On August 17, 2018, the Securities and Exchange Commission adopted amendments to eliminate or modify certain disclosure requirements the SEC describes as redundant, overlapping, outdated or superseded in light of other SEC rules, U.S. GAAP or changes in the information environment.1 The changes affect several disclosure requirements in Regulations S-K and S-X and various SEC forms. While the amendments are numerous and technical in nature, set forth below are certain highlighted changes that will affect disclosures made in periodic reports and registration statements. The amendments will become effective beginning late September. Companies should update their disclosure practices prior to filing their first periodic reports or registration statements after the effective date of these changes.
- Description of Business (Item 101 of Regulation S-K). Registrants will no longer be required to provide in the "Business" section of a prospectus or periodic report: (i) disclosure of segment information, including restatement of prior periods and discussion of interim segment performance that may not be indicative of current or future performance (which is covered by U.S. GAAP), (ii) research and development spending (which is covered by U.S. GAAP and, if a material trend, in MD&A), (iii) geographic breakdown of revenues and assets (which, if material, should be covered in MD&A) and (iv) risks associated with foreign operations (which, if material, should be covered in the risk factors).

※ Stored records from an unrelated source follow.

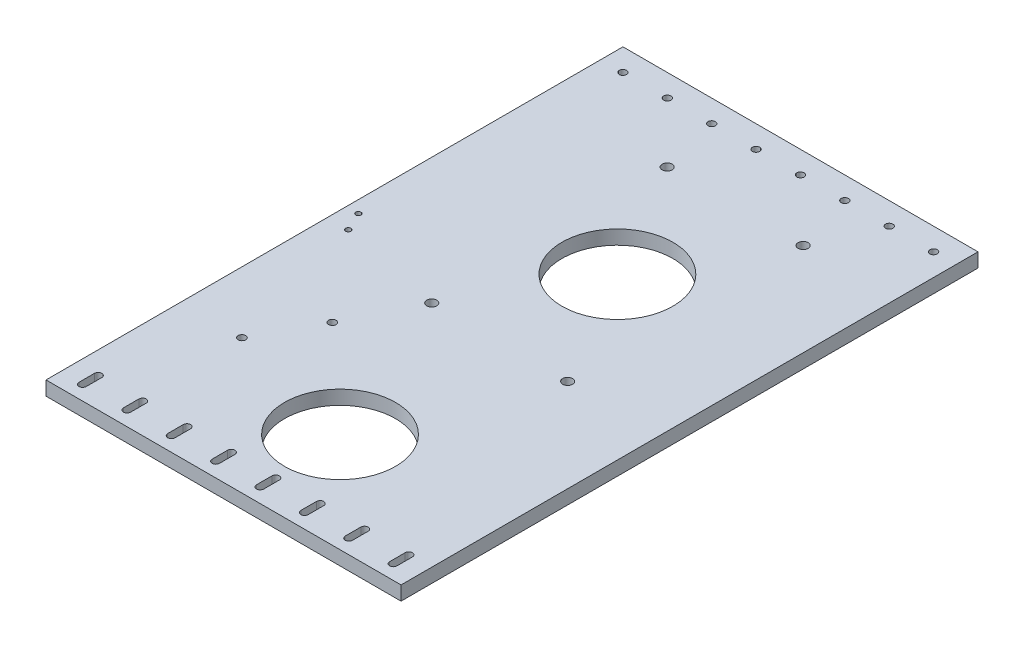
from build123d import *

# Parameters (mm, degrees)
SKETCH1_W           = 160
SKETCH1_H           = 260
SKETCH1_R           = 1.175
SKETCH1_R_2         = 2.25
SKETCH1_R_3         = 25
SKETCH1_R_4         = 1.65
BOSS_EXTRUDE1_DEPTH = 6.35
SKETCH2_R           = 1.7
CUT_EXTRUDE1_DEPTH  = 306.352783678


with BuildPart() as part:
    # Sketch1 → Boss-Extrude1 (new body)
    with BuildSketch(Plane(origin=(0, 0, 0), x_dir=(1, 0, 0), z_dir=(0, 1, 0))):
        with Locations((80, 130)):
            Rectangle(SKETCH1_W, SKETCH1_H)
        with BuildLine():
            ThreePointArc((11.65, 6.5), (10, 4.85), (8.35, 6.5))
            Line((8.35, 6.5), (8.35, 13.5))
            ThreePointArc((8.35, 13.5), (10, 15.15), (11.65, 13.5))
            Line((11.65, 13.5), (11.65, 6.5))
        make_face(mode=Mode.SUBTRACT)
        with BuildLine():
            Line((31.65, 13.5), (31.65, 6.5))
            ThreePointArc((31.65, 6.5), (30, 4.85), (28.35, 6.5))
            Line((28.35, 6.5), (28.35, 13.5))
            ThreePointArc((28.35, 13.5), (30, 15.15), (31.65, 13.5))
        make_face(mode=Mode.SUBTRACT)
        with BuildLine():
            Line((51.65, 13.5), (51.65, 6.5))
            ThreePointArc((51.65, 6.5), (50, 4.85), (48.35, 6.5))
            Line((48.35, 6.5), (48.35, 13.5))
            ThreePointArc((48.35, 13.5), (50, 15.15), (51.65, 13.5))
        make_face(mode=Mode.SUBTRACT)
        with BuildLine():
            Line((71.65, 13.5), (71.65, 6.5))
            ThreePointArc((71.65, 6.5), (70, 4.85), (68.35, 6.5))
            Line((68.35, 6.5), (68.35, 13.5))
            ThreePointArc((68.35, 13.5), (70, 15.15), (71.65, 13.5))
        make_face(mode=Mode.SUBTRACT)
        with Locations((9.516263037, 126.701090269)):
            Circle(SKETCH1_R, mode=Mode.SUBTRACT)
        with Locations((56.875, 116.955944018)):
            Circle(SKETCH1_R_2, mode=Mode.SUBTRACT)
        with BuildLine():
            Line((91.65, 13.5), (91.65, 6.5))
            ThreePointArc((91.65, 6.5), (90, 4.85), (88.35, 6.5))
            Line((88.35, 6.5), (88.35, 13.5))
            ThreePointArc((88.35, 13.5), (90, 15.15), (91.65, 13.5))
        make_face(mode=Mode.SUBTRACT)
        with BuildLine():
            Line((111.65, 13.5), (111.65, 6.5))
            ThreePointArc((111.65, 6.5), (110, 4.85), (108.35, 6.5))
            Line((108.35, 6.5), (108.35, 13.5))
            ThreePointArc((108.35, 13.5), (110, 15.15), (111.65, 13.5))
        make_face(mode=Mode.SUBTRACT)
        with Locations((87.5, 45)):
            Circle(SKETCH1_R_3, mode=Mode.SUBTRACT)
        with BuildLine():
            Line((131.65, 13.5), (131.65, 6.5))
            ThreePointArc((131.65, 6.5), (130, 4.85), (128.35, 6.5))
            Line((128.35, 6.5), (128.35, 13.5))
            ThreePointArc((128.35, 13.5), (130, 15.15), (131.65, 13.5))
        make_face(mode=Mode.SUBTRACT)
        with BuildLine():
            Line((151.65, 13.5), (151.65, 6.5))
            ThreePointArc((151.65, 6.5), (150, 4.85), (148.35, 6.5))
            Line((148.35, 6.5), (148.35, 13.5))
            ThreePointArc((148.35, 13.5), (150, 15.15), (151.65, 13.5))
        make_face(mode=Mode.SUBTRACT)
        with Locations((118.125, 116.955944018)):
            Circle(SKETCH1_R_2, mode=Mode.SUBTRACT)
        with Locations((5.475532842, 135.298909731)):
            Circle(SKETCH1_R, mode=Mode.SUBTRACT)
        with Locations((10, 250)):
            Circle(SKETCH1_R_4, mode=Mode.SUBTRACT)
        with Locations((30, 250)):
            Circle(SKETCH1_R_4, mode=Mode.SUBTRACT)
        with Locations((56.875, 223.044055982)):
            Circle(SKETCH1_R_2, mode=Mode.SUBTRACT)
        with Locations((50, 250)):
            Circle(SKETCH1_R_4, mode=Mode.SUBTRACT)
        with Locations((70, 250)):
            Circle(SKETCH1_R_4, mode=Mode.SUBTRACT)
        with Locations((87.5, 170)):
            Circle(SKETCH1_R_3, mode=Mode.SUBTRACT)
        with Locations((118.125, 223.044055982)):
            Circle(SKETCH1_R_2, mode=Mode.SUBTRACT)
        with Locations((90, 250)):
            Circle(SKETCH1_R_4, mode=Mode.SUBTRACT)
        with Locations((110, 250)):
            Circle(SKETCH1_R_4, mode=Mode.SUBTRACT)
        with Locations((130, 250)):
            Circle(SKETCH1_R_4, mode=Mode.SUBTRACT)
        with Locations((150, 250)):
            Circle(SKETCH1_R_4, mode=Mode.SUBTRACT)
    extrude(amount=BOSS_EXTRUDE1_DEPTH)

    # Sketch2 → Cut-Extrude1 (cut, through all)
    with BuildSketch(Plane(origin=(0, 6.35, 0), x_dir=(1, 0, 0), z_dir=(0, 1, 0))):
        with Locations((27.663890721, 60.64097268)):
            Circle(SKETCH2_R)
        with Locations((42.063890721, 86.95902732)):
            Circle(SKETCH2_R)
    extrude(amount=-CUT_EXTRUDE1_DEPTH, mode=Mode.SUBTRACT)


solid = part.part

- Available Information (Item 101(e) of Regulation S-K). A registrant's internet address, if any, is now mandatory disclosure. Previously the rule "encouraged" disclosure. In addition, issuers will no longer be required to identify and provide a physical address for the SEC's Public Reference Room although the requirement to disclose the SEC's internet address was retained.
- Market Price Information (Item 201(a)(1) of Regulation S-K). Issuers will no longer be required to disclose high and low trading prices for their common equity in the last two years in prospectuses and annual reports. Instead, issuers will be required to disclose their trading symbols so that investors can find that information in other sources.
- Dividends (Item 201(c) of Regulation S-K). Issuers will no longer be required to state the amount and frequency of dividends in the body of the filing as such information will now be required pursuant to Rule 3-04 of Regulation S-X. Likewise, the amendments consolidate disclosure requirements pertaining to restrictions that currently, or are likely to, materially limit the issuer's ability to pay dividends on its common equity into a single requirement in Rule 4-08(e)(3) of Regulation S-X.
- Seasonality Disclosure in Interim Reports (Instruction 5 to Item 303(b) of Regulation S-K). MD&A will no longer require a discussion of the seasonal aspects of an issuer's business, except to the extent that the effects of seasonality are material.
- Ratio of Earnings to Fixed Charges (Item 503(d) and Item 601(b)(12) of Regulation S-K). The requirements to include a ratio of earnings to fixed charges and the corresponding calculation exhibit disclosure requirements have been deleted.
- Statement re Computation of Per Share Earnings (Item 601(b)(11) of Regulation S-K). The statement re computation of per share earnings exhibit disclosure requirement has been deleted.